╭─ GIVEN ENTRIES

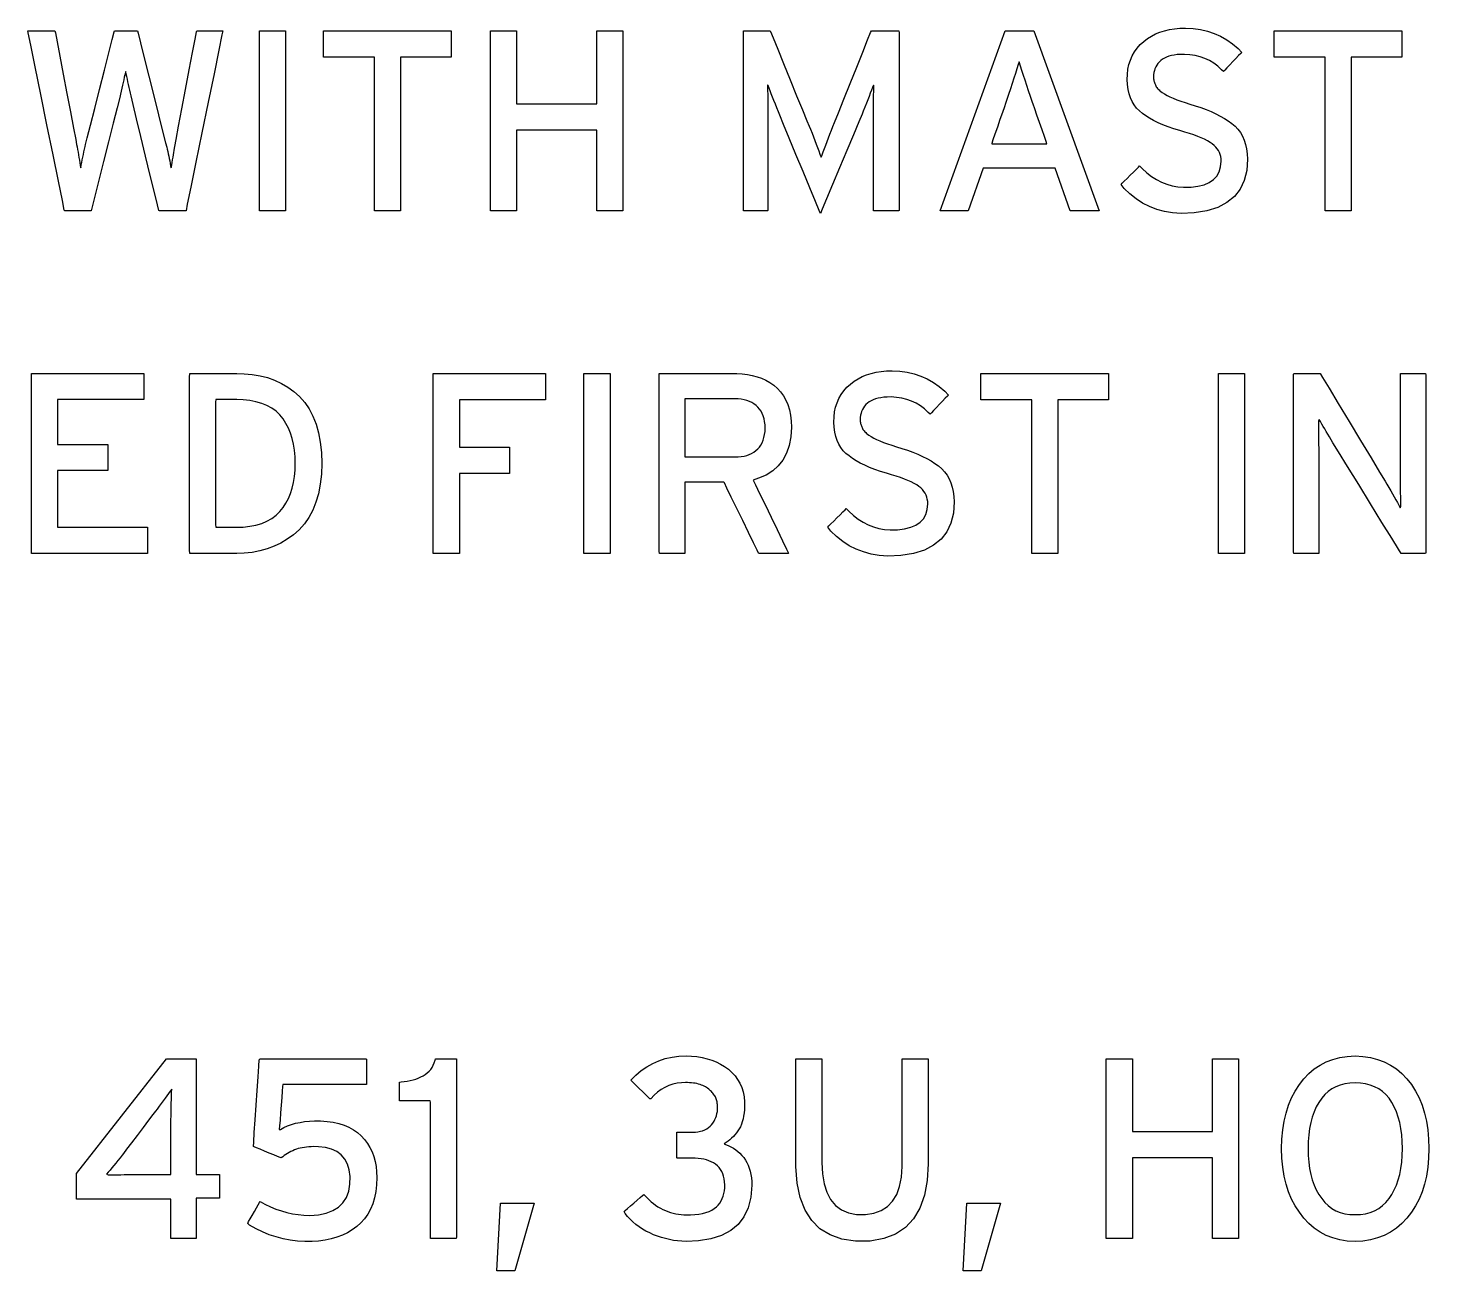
# Model space of a CAD drawing. Extents: x 1 to 47.7, y 0.2 to 33.4.
# Drawn here: x 6.179 to 8.223, y 23.849 to 25.662 of the extents above; entities that cross this region are included whole.
import ezdxf

# ---------------------------------------------------------------- set-up
doc = ezdxf.new("R2010")
doc.units = 0
doc.header["$MEASUREMENT"] = 0
doc.layers.add('6_0____DWG', color=7, linetype='CONTINUOUS')

msp = doc.modelspace()

# ---------------------------------------------------------------- linework, layer by layer
at = {"layer": '6_0____DWG'}
for points in [[(7.9584, 25.4712), (7.9573, 25.4546), (7.9538, 25.44), (7.9478, 25.4273), (7.9393, 25.4165), (7.9284, 25.4077), (7.915, 25.4007), (7.8991, 25.3958), (7.8808, 25.3927), (7.8618, 25.3917), (7.8492, 25.3927), (7.8373, 25.3947), (7.826, 25.3978), (7.8153, 25.4019), (7.8053, 25.407), (7.7958, 25.4131), (7.7869, 25.4203), (7.7786, 25.4284), (7.7739, 25.4342), (7.7756, 25.4358), (7.7787, 25.4389), (7.7828, 25.443), (7.7873, 25.4475), (7.7919, 25.4521), (7.796, 25.4562), (7.7992, 25.4593), (7.8009, 25.4611), (7.8048, 25.4574), (7.8114, 25.4512), (7.8183, 25.4458), (7.8255, 25.4413), (7.8329, 25.4375), (7.8406, 25.4344), (7.8485, 25.4322), (7.8567, 25.4308), (7.8652, 25.4301), (7.876, 25.4303), (7.8862, 25.4316), (7.8951, 25.4338), (7.9026, 25.437), (7.9088, 25.4412), (7.9136, 25.4464), (7.9171, 25.4526), (7.9192, 25.4598), (7.9199, 25.468), (7.9198, 25.4715), (7.9193, 25.4748), (7.9185, 25.4778), (7.9174, 25.4808), (7.916, 25.4836), (7.9143, 25.4862), (7.9122, 25.4888), (7.9098, 25.4912), (7.9071, 25.4934), (7.9038, 25.4956), (7.9, 25.4979), (7.8958, 25.5), (7.891, 25.5022), (7.8858, 25.5043), (7.8801, 25.5065), (7.8739, 25.5085), (7.8672, 25.5106), (7.8595, 25.5128), (7.8508, 25.5155), (7.8427, 25.5183), (7.8351, 25.5212), (7.8281, 25.5243), (7.8215, 25.5275), (7.8155, 25.5308), (7.81, 25.5343), (7.805, 25.5379), (7.8006, 25.5416), (7.7966, 25.5456), (7.7931, 25.5502), (7.7901, 25.5552), (7.7877, 25.5606), (7.7857, 25.5665), (7.7843, 25.5729), (7.7834, 25.5798), (7.783, 25.5871), (7.7832, 25.5948), (7.784, 25.6022), (7.7855, 25.6091), (7.7875, 25.6157), (7.7902, 25.6219), (7.7935, 25.6278), (7.7974, 25.6332), (7.802, 25.6383), (7.8071, 25.6429), (7.8125, 25.647), (7.8183, 25.6506), (7.8243, 25.6537), (7.8307, 25.6563), (7.8375, 25.6585), (7.8445, 25.6602), (7.8519, 25.6614), (7.8596, 25.6622), (7.8679, 25.6624), (7.8791, 25.6618), (7.8898, 25.6603), (7.9001, 25.6579), (7.9099, 25.6546), (7.9192, 25.6503), (7.9282, 25.6452), (7.9366, 25.6392), (7.9446, 25.6323), (7.95, 25.6267), (7.9485, 25.6252), (7.9455, 25.6221), (7.9416, 25.618), (7.9371, 25.6134), (7.9326, 25.6087), (7.9284, 25.6044), (7.9252, 25.6011), (7.9233, 25.5991), (7.9206, 25.6015), (7.915, 25.6066), (7.9091, 25.611), (7.9029, 25.6148), (7.8963, 25.6179), (7.8894, 25.6204), (7.8821, 25.6222), (7.8745, 25.6234), (7.8665, 25.624), (7.8605, 25.6239), (7.8558, 25.6236), (7.8515, 25.623), (7.8474, 25.6222), (7.8437, 25.6212), (7.8403, 25.62), (7.8371, 25.6185), (7.8343, 25.6168), (7.8318, 25.6149), (7.8296, 25.6128), (7.8277, 25.6105), (7.826, 25.6081), (7.8246, 25.6056), (7.8234, 25.6029), (7.8225, 25.6002), (7.8219, 25.5973), (7.8215, 25.5943), (7.8214, 25.5913), (7.8214, 25.5897), (7.8215, 25.5883), (7.8217, 25.5869), (7.8219, 25.5855), (7.8222, 25.5842), (7.8226, 25.5829), (7.823, 25.5817), (7.8235, 25.5805), (7.824, 25.5793), (7.8247, 25.5781), (7.8254, 25.5768), (7.8263, 25.5756), (7.8272, 25.5744), (7.8283, 25.5732), (7.8294, 25.5721), (7.8307, 25.5709), (7.8321, 25.5698), (7.8341, 25.5683), (7.8374, 25.5662), (7.8411, 25.5641), (7.8453, 25.562), (7.8501, 25.5599), (7.8553, 25.5578), (7.8611, 25.5556), (7.8674, 25.5535), (7.8742, 25.5513), (7.8822, 25.5488), (7.8904, 25.5462), (7.8981, 25.5434), (7.9054, 25.5404), (7.9123, 25.5373), (7.9188, 25.534), (7.9248, 25.5306), (7.9304, 25.527), (7.9356, 25.5233), (7.9403, 25.5193), (7.9445, 25.5149), (7.9481, 25.51), (7.9512, 25.5046), (7.9537, 25.4989), (7.9557, 25.4926), (7.9571, 25.4859), (7.958, 25.4788)], [(6.4093, 25.3958), (6.4079, 25.3958), (6.4041, 25.3958), (6.3986, 25.3958), (6.3921, 25.3958), (6.3854, 25.3958), (6.379, 25.3958), (6.3738, 25.3958), (6.3705, 25.3958), (6.3695, 25.3961), (6.3675, 25.4046), (6.3631, 25.4226), (6.3572, 25.4472), (6.3504, 25.4753), (6.3435, 25.5039), (6.3372, 25.5301), (6.3322, 25.5509), (6.3292, 25.5633), (6.3283, 25.5672), (6.3273, 25.5715), (6.3263, 25.5758), (6.3254, 25.5799), (6.3245, 25.5839), (6.3237, 25.5878), (6.3229, 25.5916), (6.3222, 25.5953), (6.3215, 25.5989), (6.3208, 25.5979), (6.32, 25.5943), (6.3192, 25.5906), (6.3184, 25.5868), (6.3176, 25.5828), (6.3167, 25.5788), (6.3158, 25.5747), (6.3149, 25.5704), (6.3139, 25.5661), (6.3126, 25.561), (6.3089, 25.5461), (6.3032, 25.5237), (6.2963, 25.4965), (6.289, 25.4677), (6.2821, 25.4402), (6.2763, 25.4171), (6.2723, 25.4013), (6.2709, 25.3958), (6.2693, 25.3958), (6.2655, 25.3958), (6.26, 25.3958), (6.2536, 25.3958), (6.247, 25.3958), (6.2409, 25.3958), (6.2358, 25.3958), (6.2326, 25.3958), (6.2317, 25.3965), (6.2289, 25.4105), (6.2231, 25.4391), (6.2152, 25.4775), (6.2063, 25.5211), (6.1973, 25.5654), (6.1891, 25.6057), (6.1827, 25.6372), (6.179, 25.6555), (6.1787, 25.6582), (6.1814, 25.6582), (6.1861, 25.6582), (6.1921, 25.6582), (6.1988, 25.6582), (6.2054, 25.6582), (6.2113, 25.6582), (6.2157, 25.6582), (6.218, 25.6582), (6.2187, 25.6554), (6.2212, 25.6423), (6.2252, 25.6213), (6.2301, 25.5952), (6.2354, 25.5671), (6.2406, 25.5399), (6.2451, 25.5164), (6.2483, 25.4996), (6.2496, 25.4925), (6.2503, 25.489), (6.251, 25.4852), (6.2517, 25.4814), (6.2524, 25.4775), (6.2531, 25.4736), (6.2537, 25.4696), (6.2544, 25.4656), (6.255, 25.4616), (6.2556, 25.4584), (6.2564, 25.4623), (6.2572, 25.4663), (6.258, 25.4702), (6.2588, 25.4741), (6.2596, 25.478), (6.2604, 25.4818), (6.2612, 25.4857), (6.2621, 25.4894), (6.2628, 25.4926), (6.2652, 25.5021), (6.2699, 25.5206), (6.2761, 25.5451), (6.2831, 25.5729), (6.2902, 25.6009), (6.2966, 25.6261), (6.3016, 25.6458), (6.3044, 25.6568), (6.3051, 25.6582), (6.3074, 25.6582), (6.3115, 25.6582), (6.3167, 25.6582), (6.3224, 25.6582), (6.328, 25.6582), (6.3329, 25.6582), (6.3366, 25.6582), (6.3384, 25.6582), (6.3393, 25.6548), (6.3428, 25.6409), (6.3483, 25.6191), (6.355, 25.5922), (6.3623, 25.5634), (6.3692, 25.5356), (6.3752, 25.5118), (6.3794, 25.4951), (6.3811, 25.4884), (6.3818, 25.4854), (6.3826, 25.4822), (6.3834, 25.4789), (6.3841, 25.4755), (6.3848, 25.472), (6.3856, 25.4685), (6.3863, 25.4649), (6.3869, 25.4611), (6.3876, 25.4586), (6.3884, 25.4626), (6.3891, 25.4664), (6.3898, 25.4702), (6.3904, 25.4738), (6.391, 25.4772), (6.3916, 25.4806), (6.3921, 25.4838), (6.3926, 25.4869), (6.393, 25.4896), (6.3949, 25.4998), (6.3985, 25.519), (6.4033, 25.5443), (6.4086, 25.5727), (6.414, 25.6012), (6.4188, 25.6267), (6.4225, 25.6464), (6.4245, 25.6571), (6.4252, 25.6582), (6.4279, 25.6582), (6.4326, 25.6582), (6.4386, 25.6582), (6.445, 25.6582), (6.4514, 25.6582), (6.4569, 25.6582), (6.461, 25.6582), (6.4629, 25.6582), (6.4617, 25.6523), (6.4572, 25.63), (6.4502, 25.5957), (6.4416, 25.554), (6.4325, 25.5094), (6.4238, 25.4667), (6.4164, 25.4304), (6.4112, 25.4052)], [(7.4125, 25.3957), (7.4125, 25.4007), (7.4125, 25.4141), (7.4125, 25.4333), (7.4125, 25.4559), (7.4125, 25.4796), (7.4125, 25.5017), (7.4125, 25.5198), (7.4125, 25.5315), (7.4125, 25.536), (7.4125, 25.5424), (7.4126, 25.5485), (7.4126, 25.5543), (7.4127, 25.5598), (7.4128, 25.5649), (7.4129, 25.5698), (7.413, 25.5743), (7.4132, 25.5785), (7.4127, 25.5792), (7.4113, 25.5755), (7.4097, 25.5715), (7.408, 25.5672), (7.4062, 25.5626), (7.4043, 25.5577), (7.4022, 25.5526), (7.4001, 25.5471), (7.3977, 25.5413), (7.3959, 25.5369), (7.3911, 25.5254), (7.3833, 25.5067), (7.3736, 25.4836), (7.3631, 25.4585), (7.353, 25.4341), (7.3442, 25.4131), (7.3379, 25.3981), (7.3352, 25.3917), (7.3334, 25.3959), (7.3279, 25.4092), (7.3197, 25.4291), (7.3099, 25.4529), (7.2995, 25.4781), (7.2896, 25.5019), (7.2814, 25.5218), (7.2759, 25.5351), (7.2739, 25.54), (7.2716, 25.5458), (7.2694, 25.5514), (7.2673, 25.5566), (7.2653, 25.5616), (7.2635, 25.5662), (7.2618, 25.5706), (7.2602, 25.5746), (7.2587, 25.5784), (7.2578, 25.5794), (7.258, 25.5753), (7.2581, 25.5708), (7.2582, 25.566), (7.2583, 25.561), (7.2584, 25.5556), (7.2585, 25.5498), (7.2585, 25.5438), (7.2585, 25.5375), (7.2585, 25.533), (7.2585, 25.523), (7.2585, 25.5061), (7.2585, 25.4847), (7.2585, 25.4612), (7.2585, 25.4381), (7.2585, 25.4179), (7.2585, 25.4031), (7.2585, 25.396), (7.2577, 25.3957), (7.2547, 25.3957), (7.25, 25.3957), (7.2443, 25.3957), (7.2382, 25.3957), (7.2324, 25.3957), (7.2274, 25.3957), (7.224, 25.3957), (7.2227, 25.3957), (7.2227, 25.4052), (7.2227, 25.4304), (7.2227, 25.4668), (7.2227, 25.5096), (7.2227, 25.5542), (7.2227, 25.596), (7.2227, 25.6303), (7.2227, 25.6524), (7.2228, 25.6582), (7.2248, 25.6582), (7.229, 25.6582), (7.2347, 25.6582), (7.2412, 25.6582), (7.2479, 25.6582), (7.254, 25.6582), (7.2587, 25.6582), (7.2616, 25.6582), (7.2624, 25.6572), (7.2661, 25.6481), (7.2728, 25.6317), (7.2814, 25.6105), (7.291, 25.587), (7.3005, 25.5636), (7.309, 25.5428), (7.3154, 25.5271), (7.3187, 25.519), (7.3205, 25.5146), (7.3229, 25.5089), (7.3251, 25.5034), (7.3272, 25.4981), (7.3292, 25.4929), (7.3311, 25.4879), (7.3329, 25.483), (7.3345, 25.4784), (7.3361, 25.4738), (7.3376, 25.4773), (7.3393, 25.4819), (7.341, 25.4866), (7.3429, 25.4916), (7.3448, 25.4967), (7.3469, 25.502), (7.3491, 25.5075), (7.3514, 25.5132), (7.3535, 25.5185), (7.3559, 25.5246), (7.3616, 25.5388), (7.3695, 25.5587), (7.3787, 25.5817), (7.3882, 25.6054), (7.397, 25.6274), (7.404, 25.645), (7.4084, 25.6559), (7.4095, 25.6582), (7.4118, 25.6582), (7.4164, 25.6582), (7.4224, 25.6582), (7.4292, 25.6582), (7.436, 25.6582), (7.4422, 25.6582), (7.4469, 25.6582), (7.4496, 25.6582), (7.4499, 25.6552), (7.4499, 25.6364), (7.4499, 25.6044), (7.4499, 25.5639), (7.4499, 25.5195), (7.4499, 25.4759), (7.4499, 25.4377), (7.4499, 25.4096), (7.4499, 25.3962), (7.449, 25.3957), (7.4459, 25.3957), (7.441, 25.3957), (7.4351, 25.3957), (7.4287, 25.3957), (7.4226, 25.3957), (7.4175, 25.3957), (7.4139, 25.3957)], [(7.6447, 25.5537), (7.6418, 25.5623), (7.639, 25.5706), (7.6364, 25.5785), (7.6339, 25.5861), (7.6315, 25.5933), (7.6293, 25.6002), (7.6272, 25.6067), (7.6253, 25.6129), (7.6236, 25.6093), (7.6217, 25.603), (7.6197, 25.5962), (7.6174, 25.5891), (7.6151, 25.5816), (7.6125, 25.5738), (7.6098, 25.5655), (7.6069, 25.5569), (7.6054, 25.5524), (7.6036, 25.5473), (7.6007, 25.539), (7.5972, 25.5287), (7.5934, 25.5178), (7.5898, 25.5075), (7.5869, 25.4992), (7.5852, 25.4941), (7.5854, 25.4932), (7.5911, 25.4932), (7.6016, 25.4932), (7.615, 25.4932), (7.6297, 25.4932), (7.6439, 25.4932), (7.6558, 25.4932), (7.6636, 25.4932), (7.6657, 25.4933), (7.6646, 25.4967), (7.662, 25.5039), (7.6587, 25.5137), (7.6549, 25.5246), (7.6511, 25.5353), (7.6479, 25.5446), (7.6456, 25.5512)], [(6.6076, 25.027), (6.6069, 25.0113), (6.6053, 24.9966), (6.6026, 24.9829), (6.599, 24.9703), (6.5943, 24.9587), (6.5887, 24.9482), (6.5821, 24.9387), (6.5745, 24.9302), (6.566, 24.9229), (6.5571, 24.9164), (6.5477, 24.9109), (6.5379, 24.9062), (6.5276, 24.9023), (6.5169, 24.8994), (6.5057, 24.8973), (6.4941, 24.8962), (6.4837, 24.8958), (6.4803, 24.8958), (6.4726, 24.8958), (6.462, 24.8958), (6.45, 24.8958), (6.4378, 24.8958), (6.427, 24.8958), (6.4188, 24.8958), (6.4147, 24.8958), (6.4144, 24.9012), (6.4144, 24.924), (6.4144, 24.9599), (6.4144, 25.0038), (6.4144, 25.0503), (6.4144, 25.0941), (6.4144, 25.1301), (6.4144, 25.1529), (6.4147, 25.1582), (6.4188, 25.1582), (6.427, 25.1582), (6.4378, 25.1582), (6.45, 25.1582), (6.462, 25.1582), (6.4726, 25.1582), (6.4803, 25.1582), (6.4837, 25.1582), (6.4943, 25.158), (6.5061, 25.1569), (6.5174, 25.155), (6.5283, 25.1522), (6.5386, 25.1485), (6.5485, 25.1439), (6.5579, 25.1384), (6.5668, 25.132), (6.5751, 25.1247), (6.5826, 25.1162), (6.5891, 25.1067), (6.5946, 25.0961), (6.5991, 25.0844), (6.6027, 25.0717), (6.6053, 25.0579), (6.6069, 25.043)], [(7.2929, 25.0798), (7.292, 25.0658), (7.2896, 25.0532), (7.2857, 25.042), (7.2804, 25.032), (7.2737, 25.0234), (7.2655, 25.016), (7.2559, 25.01), (7.2448, 25.0054), (7.2372, 25.0025), (7.2404, 24.9959), (7.2465, 24.9834), (7.2545, 24.9669), (7.2633, 24.9486), (7.2722, 24.9304), (7.28, 24.9142), (7.2858, 24.9021), (7.2887, 24.8961), (7.288, 24.8958), (7.2843, 24.8958), (7.2785, 24.8958), (7.2714, 24.8958), (7.2638, 24.8958), (7.2565, 24.8958), (7.2504, 24.8958), (7.2463, 24.8958), (7.2449, 24.8959), (7.2427, 24.9004), (7.2375, 24.9111), (7.2302, 24.9262), (7.2217, 24.9437), (7.2131, 24.9615), (7.2051, 24.9779), (7.1988, 24.9909), (7.1951, 24.9985), (7.1941, 24.9997), (7.1902, 24.9997), (7.1833, 24.9997), (7.1743, 24.9997), (7.1645, 24.9997), (7.1548, 24.9997), (7.1463, 24.9997), (7.1401, 24.9997), (7.1372, 24.9997), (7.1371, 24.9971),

╰─

== AIM OF THE TASK ==
With all pictures left out, please transcribe exactly the lines from the start of the material through the line with "doc.units = 0".

== TASK RESULT ==
# Model space of a CAD drawing. Extents: x 1 to 47.7, y 0.2 to 33.4.
# Drawn here: x 6.179 to 8.223, y 23.849 to 25.662 of the extents above; entities that cross this region are included whole.
import ezdxf

# ---------------------------------------------------------------- set-up
doc = ezdxf.new("R2010")
doc.units = 0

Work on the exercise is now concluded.